The following is an excerpt from the interview I did with Rosemary Brown, a long-time white ally in anti-racism work in Toronto and Calgary. She talks here a little bit about her involvement as a student in England and then about her experiences as a militant with the Canadian Party of Labour in Toronto in the 1970s:

SN: How were you involved, politically, as a student in England?
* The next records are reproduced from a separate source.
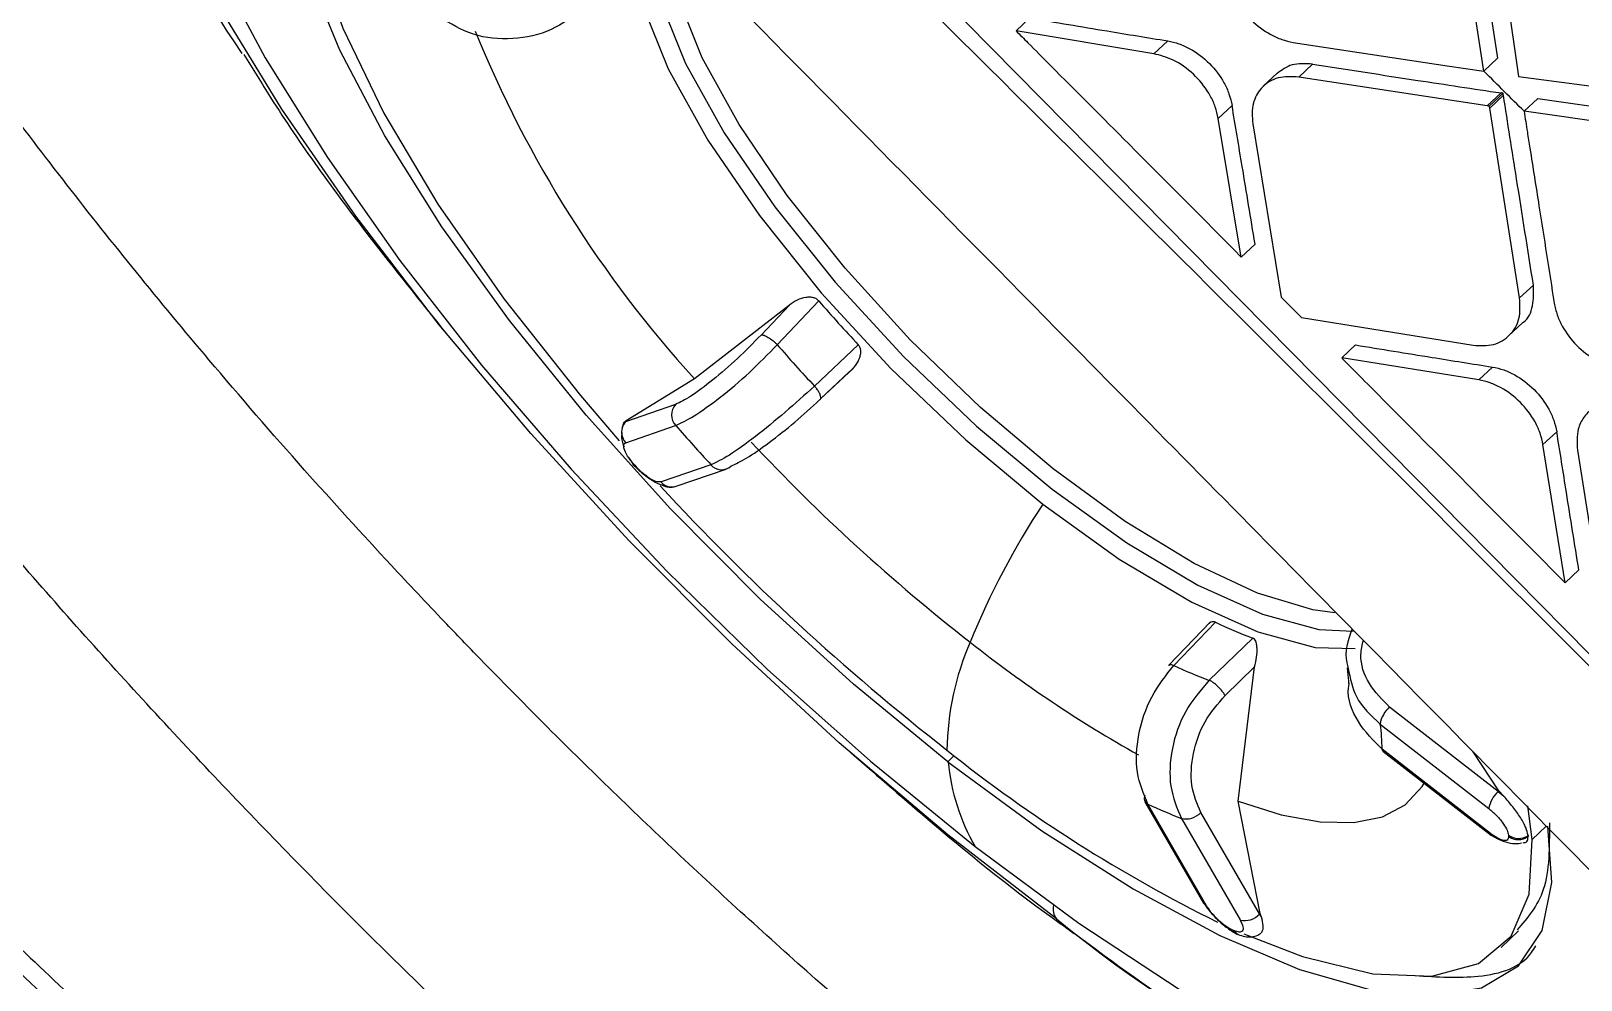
# Model space of a CAD drawing. Extents: x 0 to 84, y -21 to 126.
# Drawn here: x 67.279 to 68.481, y 64.119 to 64.855 of the extents above; entities that cross this region are included whole.
import ezdxf

# ---------------------------------------------------------------- set-up
doc = ezdxf.new("R2010")
doc.units = 0
doc.header["$MEASUREMENT"] = 0
doc.layers.add('1', color=4, linetype='Continuous')

# ---------------------------------------------------------------- blocks, each defined once
blk = doc.blocks.new('PRODIGY')
at = {"layer": '1', "color": 3, "linetype": 'Continuous', "lineweight": 25}
for p, q in [((69.4927, 63.3521), (67.4505, 65.4224)), ((68.393, 64.9824), (68.4162, 64.8334)), ((68.4056, 64.8234), (68.3824, 64.9724)), ((68.4109, 64.9689), (68.4325, 64.8194)), ((68.0429, 64.8546), (68.0536, 64.8647)), ((68.1497, 64.8369), (68.0429, 64.8546)), ((68.1497, 64.8369), (68.1604, 64.8469)), ((68.2577, 64.8458), (68.3771, 64.8276)), ((68.2621, 64.8189), (68.2727, 64.8289)), ((68.3771, 64.8276), (68.4056, 64.8234)), ((68.4056, 64.8234), (68.4162, 64.8334)), ((68.2452, 64.8218), (68.2345, 64.8117)), ((68.4082, 64.7966), (68.2621, 64.8189)), ((68.4325, 64.8194), (68.5821, 64.7997)), ((68.4082, 64.7966), (68.4189, 64.8066)), ((68.4098, 64.7963), (68.4205, 64.8063)), ((68.4101, 64.7947), (68.4207, 64.8048)), ((68.4368, 64.7923), (68.4474, 64.8023)), ((68.4474, 64.8023), (68.5965, 64.781)), ((68.2103, 64.7968), (68.1996, 64.7868)), ((68.4333, 64.6476), (68.4101, 64.7947)), ((68.5859, 64.7711), (68.4368, 64.7923)), ((68.2174, 64.6793), (68.1996, 64.7868)), ((68.2263, 64.7825), (68.2484, 64.6482)), ((68.2174, 64.6793), (68.2281, 64.6894)), ((68.4333, 64.6476), (68.444, 64.6576)), ((67.8898, 64.6453), (67.8576, 64.6113)), ((68.2484, 64.6482), (68.2642, 64.6323)), ((67.867, 64.6419), (67.7934, 64.5848)), ((67.867, 64.6419), (67.8451, 64.6188)), ((68.2642, 64.6323), (68.3972, 64.6109)), ((68.4248, 64.6181), (68.4355, 64.6282)), ((67.8865, 64.5792), (67.9203, 64.6113)), ((68.2953, 64.6011), (68.3059, 64.6111)), ((68.4016, 64.584), (68.2953, 64.6011)), ((67.7934, 64.5848), (67.7405, 64.5522)), ((67.8912, 64.5692), (67.9166, 64.5932)), ((67.8912, 64.5692), (67.9134, 64.5902)), ((68.4122, 64.594), (68.4016, 64.584)), ((67.7787, 64.565), (67.74, 64.5516)), ((67.7384, 64.5505), (67.7371, 64.5463)), ((67.7405, 64.5522), (67.7384, 64.5505)), ((67.7384, 64.5505), (67.74, 64.5516)), ((67.74, 64.5516), (67.7405, 64.5522)), ((67.7402, 64.5353), (67.7788, 64.5486)), ((68.4514, 64.5338), (68.4621, 64.5438)), ((68.4685, 64.4267), (68.4514, 64.5338)), ((68.4781, 64.5296), (68.4994, 64.3955)), ((67.7426, 64.5235), (67.7455, 64.5189)), ((67.7456, 64.5185), (67.7469, 64.517)), ((67.7478, 64.517), (67.7465, 64.5185)), ((67.8062, 64.5182), (67.7675, 64.5049)), ((67.7793, 64.5016), (67.8179, 64.5149)), ((68.4685, 64.4267), (68.4792, 64.4367)), ((68.1937, 64.3963), (68.1611, 64.3624)), ((68.1974, 64.396), (68.1652, 64.3626)), ((68.1926, 64.3511), (68.2263, 64.3838)), ((68.2049, 64.3393), (68.2278, 64.3615)), ((68.215, 64.2572), (68.2278, 64.3615)), ((68.4166, 64.2649), (68.3325, 64.3303)), ((68.3252, 64.317), (68.4094, 64.2516)), ((68.4108, 64.2322), (68.3266, 64.2976)), ((68.3273, 64.2962), (68.4115, 64.2308)), ((68.4172, 64.2654), (68.3973, 64.2956)), ((67.99, 64.2878), (67.9947, 64.2926)), ((68.4172, 64.2654), (68.4166, 64.2649)), ((68.4166, 64.2649), (68.4211, 64.2611)), ((68.4211, 64.2611), (68.4172, 64.2654)), ((68.1427, 64.2569), (68.1882, 64.1782)), ((68.1906, 64.1762), (68.1451, 64.2549)), ((68.2316, 64.1698), (68.1861, 64.2485)), ((68.2321, 64.1703), (68.215, 64.2572)), ((68.4431, 64.2276), (68.4396, 64.2538)), ((68.171, 64.2439), (68.2165, 64.1652)), ((68.4431, 64.2276), (68.4539, 64.238)), ((68.4247, 64.231), (68.4248, 64.2301)), ((68.4398, 64.2308), (68.4398, 64.2298)), ((68.2321, 64.1703), (68.2316, 64.1698)), ((68.2316, 64.1698), (68.2336, 64.1657)), ((68.2336, 64.1657), (68.2321, 64.1703)), ((68.2121, 64.1568), (68.2108, 64.1573)), ((68.2141, 64.1543), (68.2154, 64.1538)), ((68.4189, 64.1438), (68.4323, 64.1567))]:
    blk.add_line(p, q, dxfattribs=at)
at = {"layer": '1', "color": 3, "linetype": 'Continuous', "lineweight": 25, "flags": 128}
for points in [[(67.3624, 65.1129), (67.3631, 65.0935), (67.3722, 65.0384), (67.3917, 64.976), (67.4213, 64.9074), (67.4605, 64.8338), (67.5087, 64.7564), (67.5649, 64.6765), (67.6283, 64.5955), (67.6977, 64.5148), (67.772, 64.4358), (67.8498, 64.3598), (67.93, 64.2882), (68.011, 64.2221)], [(67.99, 64.2878), (67.9166, 64.3481), (67.8443, 64.414), (67.7747, 64.484), (67.7094, 64.5566), (67.6499, 64.63), (67.5974, 64.7028), (67.5533, 64.7732), (67.5183, 64.8396), (67.4934, 64.9007), (67.4791, 64.955), (67.4756, 65.0014), (67.4831, 65.0387), (67.5015, 65.0662), (67.5302, 65.0832), (67.5687, 65.0893), (67.6161, 65.0845), (67.6225, 65.0832)], [(68.0742, 64.166), (67.9898, 64.2312), (67.9056, 64.3026), (67.8227, 64.379), (67.7426, 64.4594), (67.6664, 64.5424), (67.5955, 64.6267), (67.5308, 64.711), (67.4735, 64.794), (67.4244, 64.8743), (67.3843, 64.9507), (67.3539, 65.022), (67.3341, 65.0846)], [(67.4904, 64.9677), (67.4998, 64.9161), (67.5207, 64.8567), (67.5525, 64.7909), (67.5945, 64.7203), (67.6458, 64.6467), (67.7049, 64.5719), (67.735, 64.5368)], [(67.7444, 64.9168), (67.753, 64.8747), (67.7731, 64.8252), (67.8037, 64.77), (67.8438, 64.7114), (67.8917, 64.6516), (67.9458, 64.5929), (68.0038, 64.5375), (68.0635, 64.4876)], [(67.7584, 64.9192), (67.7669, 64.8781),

RB: As I said, there was this group, this Left – I don’t even remember what they called themselves. Socialist something or other. They set up tables. You’d go and there would be books and literature, and it was all issues I was interested in even though I didn’t want the heavy theory, but there would be books on issues and things like that. Talk about not knowing what you’re doing, but just following your nose. I volunteered to help them on their book table. There I am, pulling out stuff on the PLO and – because as an American, oh my God, I’ve been brought up to be so anti-Arab and Palestinian. My whole world view of Israel and Palestine was so brainwashed, it was so manipulated. Again, pulling out stuff on the PLO was so good, because it was like, “Poof! Oh, God, here’s something I haven’t really thought about!” You’d be putting out this literature and you’d meet people, and I would go to their meetings. It was through that group we tried to raise the issue of “SOAS [SN: School of Oriental and African Studies, an educational institution in London that was historically very much part of the British colonial apparatus] in the past historically,” the anti-apartheid work, the anti-Vietnam demonstrations. But I wasn’t an organizer. I would poodle around in this group and I would sit at this table, and I would go to things and I would protest, but I wasn’t an organizer. I just wasn’t, at that point. I was still learning, I guess, how to do things.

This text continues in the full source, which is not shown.